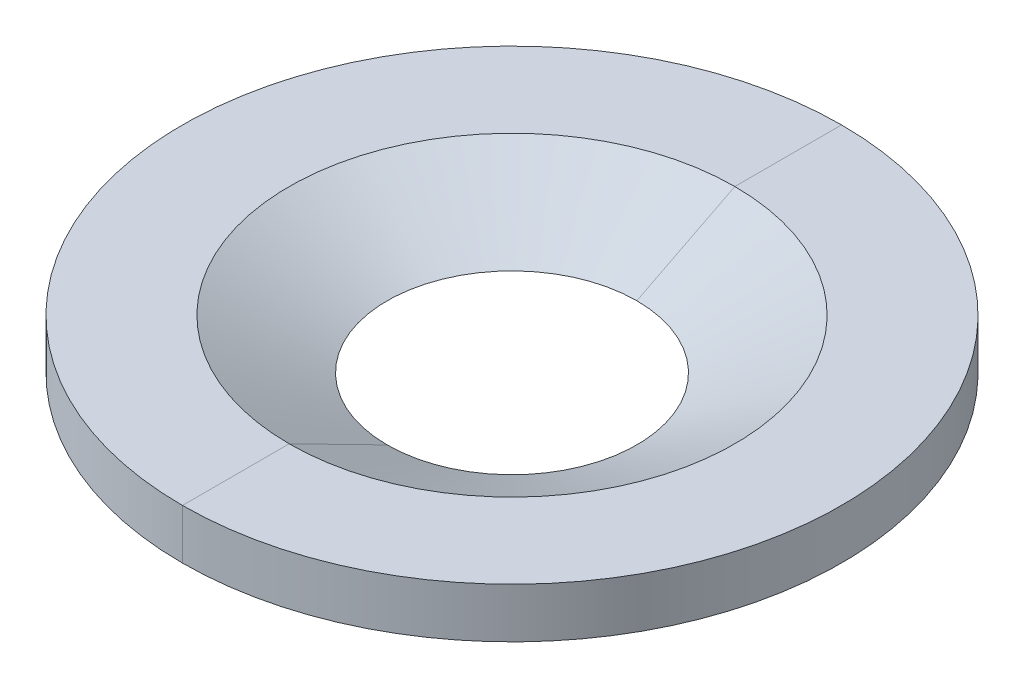
ISO-10303-21;
HEADER;
FILE_DESCRIPTION(('STEP AP214'),'2;1');
FILE_NAME('part.step','',(''),(''),'','','');
FILE_SCHEMA(('AUTOMOTIVE_DESIGN { 1 0 10303 214 1 1 1 1 }'));
ENDSEC;
DATA;
#1=APPLICATION_CONTEXT('core data for automotive mechanical design processes');
#2=APPLICATION_PROTOCOL_DEFINITION('international standard','automotive_design',2000,#1);
#3=PRODUCT_CONTEXT('',#1,'mechanical');
#4=PRODUCT('Part','Part','',(#3));
#5=PRODUCT_RELATED_PRODUCT_CATEGORY('part','',(#4));
#6=PRODUCT_DEFINITION_FORMATION('','',#4);
#7=PRODUCT_DEFINITION_CONTEXT('part definition',#1,'design');
#8=PRODUCT_DEFINITION('design','',#6,#7);
#9=PRODUCT_DEFINITION_SHAPE('','',#8);
#10=(LENGTH_UNIT() NAMED_UNIT(*) SI_UNIT(.MILLI.,.METRE.));
#11=(NAMED_UNIT(*) PLANE_ANGLE_UNIT() SI_UNIT($,.RADIAN.));
#12=(NAMED_UNIT(*) SI_UNIT($,.STERADIAN.) SOLID_ANGLE_UNIT());
#13=UNCERTAINTY_MEASURE_WITH_UNIT(LENGTH_MEASURE(1.E-05),#10,'distance_accuracy_value','');
#14=(GEOMETRIC_REPRESENTATION_CONTEXT(3) GLOBAL_UNCERTAINTY_ASSIGNED_CONTEXT((#13)) GLOBAL_UNIT_ASSIGNED_CONTEXT((#10,
#11,#12)) REPRESENTATION_CONTEXT('',''));
#15=CARTESIAN_POINT('',(0.,0.,0.));
#16=DIRECTION('',(0.,0.,1.));
#17=DIRECTION('',(1.,0.,0.));
#18=AXIS2_PLACEMENT_3D('',#15,#16,#17);
#19=CARTESIAN_POINT('',(0.,0.,0.));
#20=DIRECTION('',(1.,0.,0.));
#21=DIRECTION('',(0.,0.,-1.));
#22=AXIS2_PLACEMENT_3D('',#19,#20,#21);
#23=PLANE('',#22);
#24=DIRECTION('',(0.,0.,-1.));
#25=VECTOR('',#24,1.);
#26=CARTESIAN_POINT('',(0.,-6.35,0.));
#27=LINE('',#26,#25);
#28=CARTESIAN_POINT('',(0.,-6.35,-31.75));
#29=VERTEX_POINT('',#28);
#30=CARTESIAN_POINT('',(0.,-6.35,-83.82));
#31=VERTEX_POINT('',#30);
#32=EDGE_CURVE('E91',#29,#31,#27,.T.);
#33=ORIENTED_EDGE('',*,*,#32,.T.);
#34=DIRECTION('',(0.,-1.,0.));
#35=VECTOR('',#34,1.);
#36=CARTESIAN_POINT('',(0.,6.35,-83.82));
#37=LINE('',#36,#35);
#38=CARTESIAN_POINT('',(0.,6.35,-83.82));
#39=VERTEX_POINT('',#38);
#40=EDGE_CURVE('E108',#31,#39,#37,.F.);
#41=ORIENTED_EDGE('',*,*,#40,.T.);
#42=DIRECTION('',(0.,0.,-1.));
#43=VECTOR('',#42,1.);
#44=CARTESIAN_POINT('',(0.,6.35,0.));
#45=LINE('',#44,#43);
#46=CARTESIAN_POINT('',(0.,6.35,-56.6751534199158));
#47=VERTEX_POINT('',#46);
#48=EDGE_CURVE('E114',#47,#39,#45,.T.);
#49=ORIENTED_EDGE('',*,*,#48,.F.);
#50=DIRECTION('',(0.,0.453990499739541,-0.891006524188371));
#51=VECTOR('',#50,1.);
#52=CARTESIAN_POINT('',(0.,-22.5274330214479,0.));
#53=LINE('',#52,#51);
#54=EDGE_CURVE('E106',#47,#29,#53,.F.);
#55=ORIENTED_EDGE('',*,*,#54,.T.);
#56=EDGE_LOOP('',(#33,#41,#49,#55));
#57=FACE_BOUND('',#56,.T.);
#58=ADVANCED_FACE('F50',(#57),#23,.T.);
#59=CARTESIAN_POINT('',(0.,6.35,83.82));
#60=VERTEX_POINT('',#59);
#61=CARTESIAN_POINT('',(0.,6.35,56.6751534199158));
#62=VERTEX_POINT('',#61);
#63=EDGE_CURVE('E102',#60,#62,#45,.T.);
#64=ORIENTED_EDGE('',*,*,#63,.F.);
#65=DIRECTION('',(0.,-1.,0.));
#66=VECTOR('',#65,1.);
#67=CARTESIAN_POINT('',(0.,6.35,83.82));
#68=LINE('',#67,#66);
#69=CARTESIAN_POINT('',(0.,-6.35,83.82));
#70=VERTEX_POINT('',#69);
#71=EDGE_CURVE('E101',#60,#70,#68,.T.);
#72=ORIENTED_EDGE('',*,*,#71,.T.);
#73=CARTESIAN_POINT('',(0.,-6.35,31.75));
#74=VERTEX_POINT('',#73);
#75=EDGE_CURVE('E89',#70,#74,#27,.T.);
#76=ORIENTED_EDGE('',*,*,#75,.T.);
#77=DIRECTION('',(0.,-0.453990499739541,-0.891006524188371));
#78=VECTOR('',#77,1.);
#79=CARTESIAN_POINT('',(0.,-22.5274330214479,0.));
#80=LINE('',#79,#78);
#81=EDGE_CURVE('E100',#74,#62,#80,.F.);
#82=ORIENTED_EDGE('',*,*,#81,.T.);
#83=EDGE_LOOP('',(#64,#72,#76,#82));
#84=FACE_BOUND('',#83,.T.);
#85=ADVANCED_FACE('F99',(#84),#23,.T.);
#86=CARTESIAN_POINT('',(0.,6.35,0.));
#87=DIRECTION('',(0.,1.,0.));
#88=DIRECTION('',(0.,0.,1.));
#89=AXIS2_PLACEMENT_3D('',#86,#87,#88);
#90=PLANE('',#89);
#91=CARTESIAN_POINT('',(0.,6.35,0.));
#92=DIRECTION('',(0.,1.,0.));
#93=DIRECTION('',(0.,0.,1.));
#94=AXIS2_PLACEMENT_3D('',#91,#92,#93);
#95=CIRCLE('',#94,83.82);
#96=EDGE_CURVE('E112',#39,#60,#95,.T.);
#97=ORIENTED_EDGE('',*,*,#96,.T.);
#98=ORIENTED_EDGE('',*,*,#63,.T.);
#99=CARTESIAN_POINT('',(0.,6.35,0.));
#100=DIRECTION('',(0.,1.,0.));
#101=DIRECTION('',(0.,0.,1.));
#102=AXIS2_PLACEMENT_3D('',#99,#100,#101);
#103=CIRCLE('',#102,56.6751534199158);
#104=EDGE_CURVE('E58',#47,#62,#103,.T.);
#105=ORIENTED_EDGE('',*,*,#104,.F.);
#106=ORIENTED_EDGE('',*,*,#48,.T.);
#107=EDGE_LOOP('',(#97,#98,#105,#106));
#108=FACE_BOUND('',#107,.T.);
#109=ADVANCED_FACE('F127',(#108),#90,.T.);
#110=CARTESIAN_POINT('',(0.,-6.35,0.));
#111=DIRECTION('',(0.,1.,0.));
#112=DIRECTION('',(0.,0.,1.));
#113=AXIS2_PLACEMENT_3D('',#110,#111,#112);
#114=PLANE('',#113);
#115=ORIENTED_EDGE('',*,*,#75,.F.);
#116=CARTESIAN_POINT('',(0.,-6.35,0.));
#117=DIRECTION('',(0.,1.,0.));
#118=DIRECTION('',(0.,0.,1.));
#119=AXIS2_PLACEMENT_3D('',#116,#117,#118);
#120=CIRCLE('',#119,83.82);
#121=EDGE_CURVE('E65',#31,#70,#120,.T.);
#122=ORIENTED_EDGE('',*,*,#121,.F.);
#123=ORIENTED_EDGE('',*,*,#32,.F.);
#124=CARTESIAN_POINT('',(0.,-6.35,0.));
#125=DIRECTION('',(0.,1.,0.));
#126=DIRECTION('',(0.,0.,1.));
#127=AXIS2_PLACEMENT_3D('',#124,#125,#126);
#128=CIRCLE('',#127,31.75);
#129=EDGE_CURVE('E13',#29,#74,#128,.T.);
#130=ORIENTED_EDGE('',*,*,#129,.T.);
#131=EDGE_LOOP('',(#115,#122,#123,#130));
#132=FACE_BOUND('',#131,.T.);
#133=ADVANCED_FACE('F88',(#132),#114,.F.);
#134=CARTESIAN_POINT('',(0.,6.35,0.));
#135=DIRECTION('',(0.,-1.,0.));
#136=DIRECTION('',(0.,0.,-1.));
#137=AXIS2_PLACEMENT_3D('',#134,#135,#136);
#138=CYLINDRICAL_SURFACE('',#137,83.82);
#139=ORIENTED_EDGE('',*,*,#71,.F.);
#140=ORIENTED_EDGE('',*,*,#96,.F.);
#141=ORIENTED_EDGE('',*,*,#40,.F.);
#142=ORIENTED_EDGE('',*,*,#121,.T.);
#143=EDGE_LOOP('',(#139,#140,#141,#142));
#144=FACE_BOUND('',#143,.T.);
#145=ADVANCED_FACE('F52',(#144),#138,.T.);
#146=CARTESIAN_POINT('',(0.,6.35,0.));
#147=DIRECTION('',(0.,1.,0.));
#148=DIRECTION('',(0.,0.,1.));
#149=AXIS2_PLACEMENT_3D('',#146,#147,#148);
#150=CONICAL_SURFACE('',#149,56.6751534199158,1.09955742875643);
#151=ORIENTED_EDGE('',*,*,#54,.F.);
#152=ORIENTED_EDGE('',*,*,#104,.T.);
#153=ORIENTED_EDGE('',*,*,#81,.F.);
#154=ORIENTED_EDGE('',*,*,#129,.F.);
#155=EDGE_LOOP('',(#151,#152,#153,#154));
#156=FACE_BOUND('',#155,.T.);
#157=ADVANCED_FACE('F104',(#156),#150,.F.);
#158=CLOSED_SHELL('',(#58,#85,#109,#133,#145,#157));
#159=MANIFOLD_SOLID_BREP('B2',#158);
#160=CARTESIAN_POINT('',(0.,0.,0.));
#161=DIRECTION('',(1.,0.,0.));
#162=DIRECTION('',(0.,0.,-1.));
#163=AXIS2_PLACEMENT_3D('',#160,#161,#162);
#164=PLANE('',#163);
#165=DIRECTION('',(0.,0.,-1.));
#166=VECTOR('',#165,1.);
#167=CARTESIAN_POINT('',(0.,-6.35,0.));
#168=LINE('',#167,#166);
#169=CARTESIAN_POINT('',(0.,-6.35,-31.75));
#170=VERTEX_POINT('',#169);
#171=CARTESIAN_POINT('',(0.,-6.35,-83.82));
#172=VERTEX_POINT('',#171);
#173=EDGE_CURVE('E222',#170,#172,#168,.T.);
#174=ORIENTED_EDGE('',*,*,#173,.F.);
#175=DIRECTION('',(0.,0.453990499739541,-0.891006524188371));
#176=VECTOR('',#175,1.);
#177=CARTESIAN_POINT('',(0.,-22.5274330214479,0.));
#178=LINE('',#177,#176);
#179=CARTESIAN_POINT('',(0.,6.35,-56.6751534199158));
#180=VERTEX_POINT('',#179);
#181=EDGE_CURVE('E232',#180,#170,#178,.F.);
#182=ORIENTED_EDGE('',*,*,#181,.F.);
#183=DIRECTION('',(0.,0.,-1.));
#184=VECTOR('',#183,1.);
#185=CARTESIAN_POINT('',(0.,6.35,0.));
#186=LINE('',#185,#184);
#187=CARTESIAN_POINT('',(0.,6.35,-83.82));
#188=VERTEX_POINT('',#187);
#189=EDGE_CURVE('E48',#180,#188,#186,.T.);
#190=ORIENTED_EDGE('',*,*,#189,.T.);
#191=DIRECTION('',(0.,-1.,0.));
#192=VECTOR('',#191,1.);
#193=CARTESIAN_POINT('',(0.,6.35,-83.82));
#194=LINE('',#193,#192);
#195=EDGE_CURVE('E174',#172,#188,#194,.F.);
#196=ORIENTED_EDGE('',*,*,#195,.F.);
#197=EDGE_LOOP('',(#174,#182,#190,#196));
#198=FACE_BOUND('',#197,.T.);
#199=ADVANCED_FACE('F171',(#198),#164,.F.);
#200=CARTESIAN_POINT('',(0.,6.35,83.82));
#201=VERTEX_POINT('',#200);
#202=CARTESIAN_POINT('',(0.,6.35,56.6751534199158));
#203=VERTEX_POINT('',#202);
#204=EDGE_CURVE('E180',#201,#203,#186,.T.);
#205=ORIENTED_EDGE('',*,*,#204,.T.);
#206=DIRECTION('',(0.,-0.453990499739541,-0.891006524188371));
#207=VECTOR('',#206,1.);
#208=CARTESIAN_POINT('',(0.,-22.5274330214479,0.));
#209=LINE('',#208,#207);
#210=CARTESIAN_POINT('',(0.,-6.35,31.75));
#211=VERTEX_POINT('',#210);
#212=EDGE_CURVE('E225',#211,#203,#209,.F.);
#213=ORIENTED_EDGE('',*,*,#212,.F.);
#214=CARTESIAN_POINT('',(0.,-6.35,83.82));
#215=VERTEX_POINT('',#214);
#216=EDGE_CURVE('E214',#215,#211,#168,.T.);
#217=ORIENTED_EDGE('',*,*,#216,.F.);
#218=DIRECTION('',(0.,-1.,0.));
#219=VECTOR('',#218,1.);
#220=CARTESIAN_POINT('',(0.,6.35,83.82));
#221=LINE('',#220,#219);
#222=EDGE_CURVE('E194',#201,#215,#221,.T.);
#223=ORIENTED_EDGE('',*,*,#222,.F.);
#224=EDGE_LOOP('',(#205,#213,#217,#223));
#225=FACE_BOUND('',#224,.T.);
#226=ADVANCED_FACE('F226',(#225),#164,.F.);
#227=CARTESIAN_POINT('',(0.,-6.35,0.));
#228=DIRECTION('',(0.,1.,0.));
#229=DIRECTION('',(0.,0.,1.));
#230=AXIS2_PLACEMENT_3D('',#227,#228,#229);
#231=PLANE('',#230);
#232=CARTESIAN_POINT('',(0.,-6.35,0.));
#233=DIRECTION('',(0.,1.,0.));
#234=DIRECTION('',(0.,0.,1.));
#235=AXIS2_PLACEMENT_3D('',#232,#233,#234);
#236=CIRCLE('',#235,83.82);
#237=EDGE_CURVE('E219',#215,#172,#236,.T.);
#238=ORIENTED_EDGE('',*,*,#237,.F.);
#239=ORIENTED_EDGE('',*,*,#216,.T.);
#240=CARTESIAN_POINT('',(0.,-6.35,0.));
#241=DIRECTION('',(0.,1.,0.));
#242=DIRECTION('',(0.,0.,1.));
#243=AXIS2_PLACEMENT_3D('',#240,#241,#242);
#244=CIRCLE('',#243,31.75);
#245=EDGE_CURVE('E218',#211,#170,#244,.T.);
#246=ORIENTED_EDGE('',*,*,#245,.T.);
#247=ORIENTED_EDGE('',*,*,#173,.T.);
#248=EDGE_LOOP('',(#238,#239,#246,#247));
#249=FACE_BOUND('',#248,.T.);
#250=ADVANCED_FACE('F216',(#249),#231,.F.);
#251=CARTESIAN_POINT('',(0.,6.35,0.));
#252=DIRECTION('',(0.,1.,0.));
#253=DIRECTION('',(0.,0.,1.));
#254=AXIS2_PLACEMENT_3D('',#251,#252,#253);
#255=PLANE('',#254);
#256=ORIENTED_EDGE('',*,*,#204,.F.);
#257=CARTESIAN_POINT('',(0.,6.35,0.));
#258=DIRECTION('',(0.,1.,0.));
#259=DIRECTION('',(0.,0.,1.));
#260=AXIS2_PLACEMENT_3D('',#257,#258,#259);
#261=CIRCLE('',#260,83.82);
#262=EDGE_CURVE('E233',#201,#188,#261,.T.);
#263=ORIENTED_EDGE('',*,*,#262,.T.);
#264=ORIENTED_EDGE('',*,*,#189,.F.);
#265=CARTESIAN_POINT('',(0.,6.35,0.));
#266=DIRECTION('',(0.,1.,0.));
#267=DIRECTION('',(0.,0.,1.));
#268=AXIS2_PLACEMENT_3D('',#265,#266,#267);
#269=CIRCLE('',#268,56.6751534199158);
#270=EDGE_CURVE('E238',#203,#180,#269,.T.);
#271=ORIENTED_EDGE('',*,*,#270,.F.);
#272=EDGE_LOOP('',(#256,#263,#264,#271));
#273=FACE_BOUND('',#272,.T.);
#274=ADVANCED_FACE('F254',(#273),#255,.T.);
#275=CARTESIAN_POINT('',(0.,6.35,0.));
#276=DIRECTION('',(0.,1.,0.));
#277=DIRECTION('',(0.,0.,1.));
#278=AXIS2_PLACEMENT_3D('',#275,#276,#277);
#279=CONICAL_SURFACE('',#278,56.6751534199158,1.09955742875643);
#280=ORIENTED_EDGE('',*,*,#270,.T.);
#281=ORIENTED_EDGE('',*,*,#181,.T.);
#282=ORIENTED_EDGE('',*,*,#245,.F.);
#283=ORIENTED_EDGE('',*,*,#212,.T.);
#284=EDGE_LOOP('',(#280,#281,#282,#283));
#285=FACE_BOUND('',#284,.T.);
#286=ADVANCED_FACE('F235',(#285),#279,.F.);
#287=CARTESIAN_POINT('',(0.,6.35,0.));
#288=DIRECTION('',(0.,-1.,0.));
#289=DIRECTION('',(0.,0.,-1.));
#290=AXIS2_PLACEMENT_3D('',#287,#288,#289);
#291=CYLINDRICAL_SURFACE('',#290,83.82);
#292=ORIENTED_EDGE('',*,*,#262,.F.);
#293=ORIENTED_EDGE('',*,*,#222,.T.);
#294=ORIENTED_EDGE('',*,*,#237,.T.);
#295=ORIENTED_EDGE('',*,*,#195,.T.);
#296=EDGE_LOOP('',(#292,#293,#294,#295));
#297=FACE_BOUND('',#296,.T.);
#298=ADVANCED_FACE('F252',(#297),#291,.T.);
#299=CLOSED_SHELL('',(#199,#226,#250,#274,#286,#298));
#300=MANIFOLD_SOLID_BREP('B7',#299);
#301=ADVANCED_BREP_SHAPE_REPRESENTATION('',(#18,#159,#300),#14);
#302=SHAPE_DEFINITION_REPRESENTATION(#9,#301);
ENDSEC;
END-ISO-10303-21;

================

→ Instructions for the task:
Give back exactly the lines above, from the line containing "#41=ORIENTED_EDGE('',*,*,#40,.T.);" through the line containing "#57=FACE_BOUND('',#56,.T.);", with both end lines and nothing more.

→ Completed task:
#41=ORIENTED_EDGE('',*,*,#40,.T.);
#42=DIRECTION('',(0.,0.,-1.));
#43=VECTOR('',#42,1.);
#44=CARTESIAN_POINT('',(0.,6.35,0.));
#45=LINE('',#44,#43);
#46=CARTESIAN_POINT('',(0.,6.35,-56.6751534199158));
#47=VERTEX_POINT('',#46);
#48=EDGE_CURVE('E114',#47,#39,#45,.T.);
#49=ORIENTED_EDGE('',*,*,#48,.F.);
#50=DIRECTION('',(0.,0.453990499739541,-0.891006524188371));
#51=VECTOR('',#50,1.);
#52=CARTESIAN_POINT('',(0.,-22.5274330214479,0.));
#53=LINE('',#52,#51);
#54=EDGE_CURVE('E106',#47,#29,#53,.F.);
#55=ORIENTED_EDGE('',*,*,#54,.T.);
#56=EDGE_LOOP('',(#33,#41,#49,#55));
#57=FACE_BOUND('',#56,.T.);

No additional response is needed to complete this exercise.